FAVA: Functional Associations using Variational Autoencoders
FAVA is a method used to construct protein networks based on omics data such as single-cell RNA sequencing (scRNA-seq) and proteomics. Existing protein networks are often biased towards well-studied proteins, limiting their ability to reveal functions of understudied proteins. FAVA addresses this issue by leveraging omics data that are not influenced by literature bias. Read the documentation.
Data availability
Installation:
pip install favapy
favapy as Python library
Read the jupyter-notebook: How_to_use_favapy_in_a_notebook
favapy supports both AnnData objects and count/abundance matrices.
Command line interface
Run favapy from the command line as follows:
favapy <path-to-data-file> <path-to-save-output>
Optional parameters:
-t Type of input data ('tsv' or 'csv'). Default value = 'tsv'.

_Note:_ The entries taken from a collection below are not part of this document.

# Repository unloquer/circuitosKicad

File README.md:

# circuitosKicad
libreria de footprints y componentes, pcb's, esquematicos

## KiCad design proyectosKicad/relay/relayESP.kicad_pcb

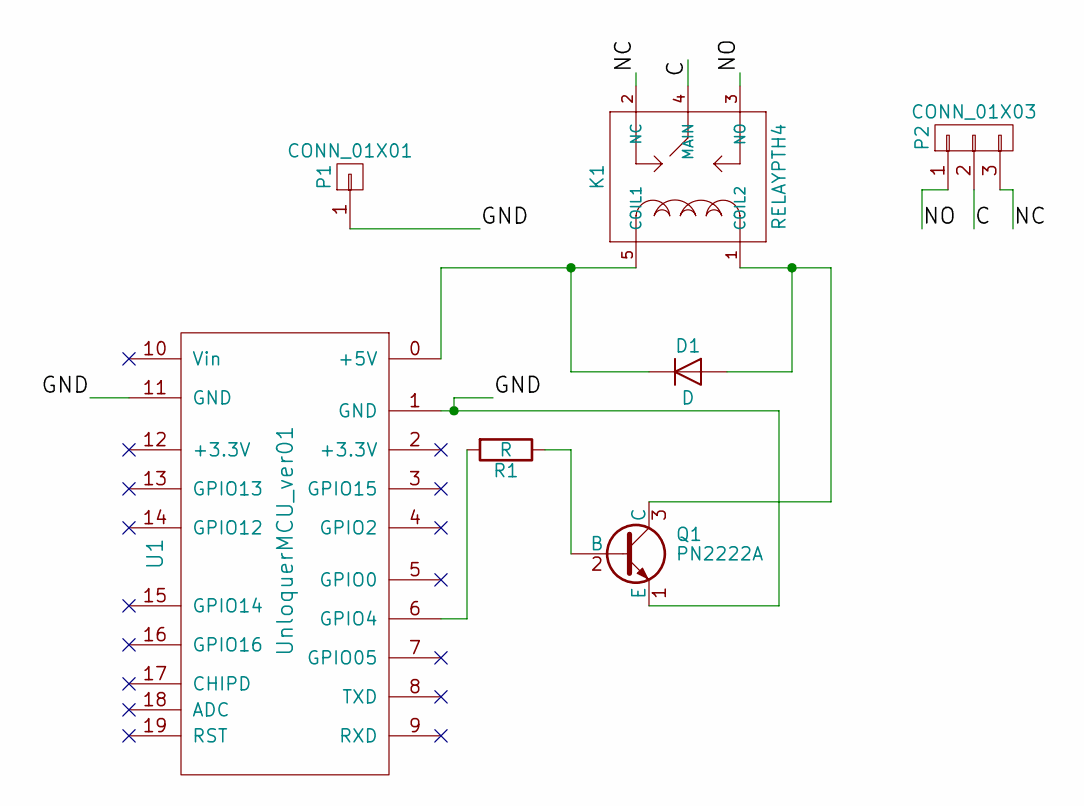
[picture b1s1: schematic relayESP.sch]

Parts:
D1: D; D_5KPW_P7.62mm_Vertical_AnodeUp
K1: RELAYPTH4; Relay_SANYOU_SRD_Series_Form_C_small
P1: CONN_01X01; Pin_Header_Straight_1x01_Pitch2.54mm
P2: CONN_01X03; Pin_Header_Straight_1x03_Pitch2.54mm
Q1: PN2222A; OldSowjetaera_Transistor_Type-II_BigPads
R1: R; R_Axial_DIN0309_L9.0mm_D3.2mm_P12.70mm_Horizontal
U1: UnloquerMCU_ver01; UnloquerMCU_ver01_footprint

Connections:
/C: K1.4 (MAIN), P2.2
/GND: P1.1, Q1.1 (E), U1.1 (GND), U1.11 (GND); also elsewhere on the board
/NC: K1.2 (NC), P2.3
/NO: K1.3 (NO), P2.1
unnamed 4: D1.1 (K), K1.5 (COIL1), U1.0 (+5V); also elsewhere on the board
unnamed: D1.2 (A), K1.1 (COIL2), Q1.3 (C)
unnamed: Q1.2 (B), R1.1
unnamed 7: R1.2, U1.6 (GPIO4); also elsewhere on the board
unnamed 8: U1.2 (+3.3V); also elsewhere on the board
unnamed 9: U1.3 (GPIO15); also elsewhere on the board
unnamed 10: U1.4 (GPIO2); also elsewhere on the board
unnamed 11: U1.5 (GPIO0); also elsewhere on the board
unnamed 12: U1.7 (GPIO05); also elsewhere on the board
unnamed 13: U1.8 (TXD); also elsewhere on the board
unnamed 14: U1.9 (RXD); also elsewhere on the board
unnamed 15: U1.10 (Vin); also elsewhere on the board
unnamed 16: U1.12 (+3.3V); also elsewhere on the board
unnamed 17: U1.13 (GPIO13); also elsewhere on the board
unnamed 18: U1.14 (GPIO12); also elsewhere on the board
unnamed 19: U1.15 (GPIO14); also elsewhere on the board
unnamed 20: U1.16 (GPIO16); also elsewhere on the board
unnamed 21: U1.17 (CHIPD); also elsewhere on the board
unnamed 22: U1.18 (ADC); also elsewhere on the board
unnamed 23: U1.19 (RST); also elsewhere on the board

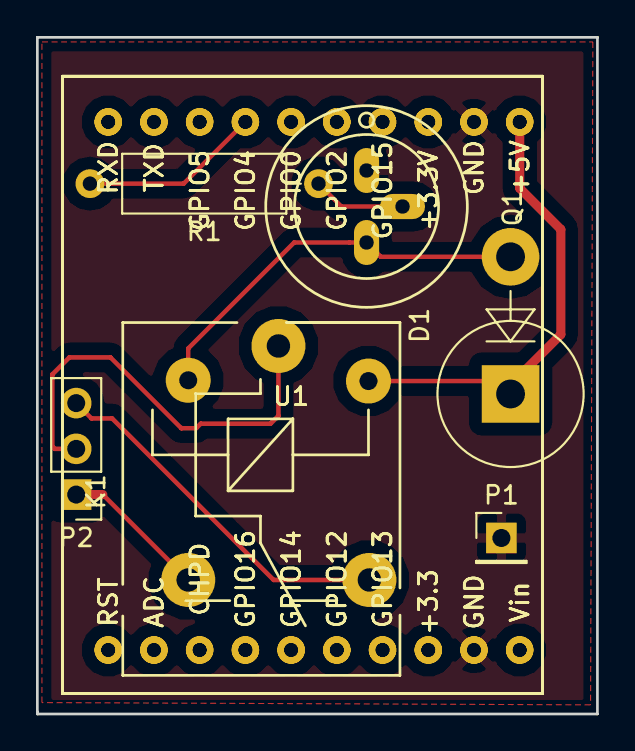
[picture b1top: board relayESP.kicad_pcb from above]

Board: 2 copper layers, 31.1 x 37.6 mm, 8 parts (0 on the bottom side), 24 nets.

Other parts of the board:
U1#2: UnloquerMCU_ver01; UnloquerMCU_ver01_footprint

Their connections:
/GND: U1#2.1, U1#2.11; also elsewhere on the board
unnamed 4: U1#2.0; also elsewhere on the board
unnamed 7: U1#2.6; also elsewhere on the board
unnamed 8: U1#2.2; also elsewhere on the board
unnamed 9: U1#2.3; also elsewhere on the board
unnamed 10: U1#2.4; also elsewhere on the board
unnamed 11: U1#2.5; also elsewhere on the board
unnamed 12: U1#2.7; also elsewhere on the board
unnamed 13: U1#2.8; also elsewhere on the board
unnamed 14: U1#2.9; also elsewhere on the board
unnamed 15: U1#2.10; also elsewhere on the board
unnamed 16: U1#2.12; also elsewhere on the board
unnamed 17: U1#2.13; also elsewhere on the board
unnamed 18: U1#2.14; also elsewhere on the board
unnamed 19: U1#2.15; also elsewhere on the board
unnamed 20: U1#2.16; also elsewhere on the board
unnamed 21: U1#2.17; also elsewhere on the board
unnamed 22: U1#2.18; also elsewhere on the board
unnamed 23: U1#2.19; also elsewhere on the board

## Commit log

2017-02-25 footprints de relay y primera version del modulo esp, pcb modulo relay
2017-04-18 agregados proyectos de modulo relay y modulo calidad aire, revisar los path relativos a los footprints y componentes a medida
2017-04-18 componente esp version 1
2017-04-24 ruteada tarjeta calidad aire, revisar footprint capacitor, muy pequeno
2017-04-24 path relativos agregados al proyecto
2017-05-01 footprint de transistor mas grande
2017-05-13 version sensor plantTower
2017-05-15 alimentacion y pines ok

-n The number of interactions in the output file (with both directions, proteinA-proteinB and proteinB-proteinA). Default value = 100000.
-c The cut-off on the Pearson Correlation scores.The scores can range from 1 (high correlation) to -1 (high anti-correlation). This option overwrites the number of interactions. Default value = None.
-d The dimensions of the intermediate\hidden layer. Default value depends on the input size.
-l The dimensions of the latent space. Default value depends on the size of the hidden layer.
-e The number of epochs. Default value = 50.
-b The batch size. Default value = 32.
If FAVA is useful for your research, consider citing FAVA BiorXiv.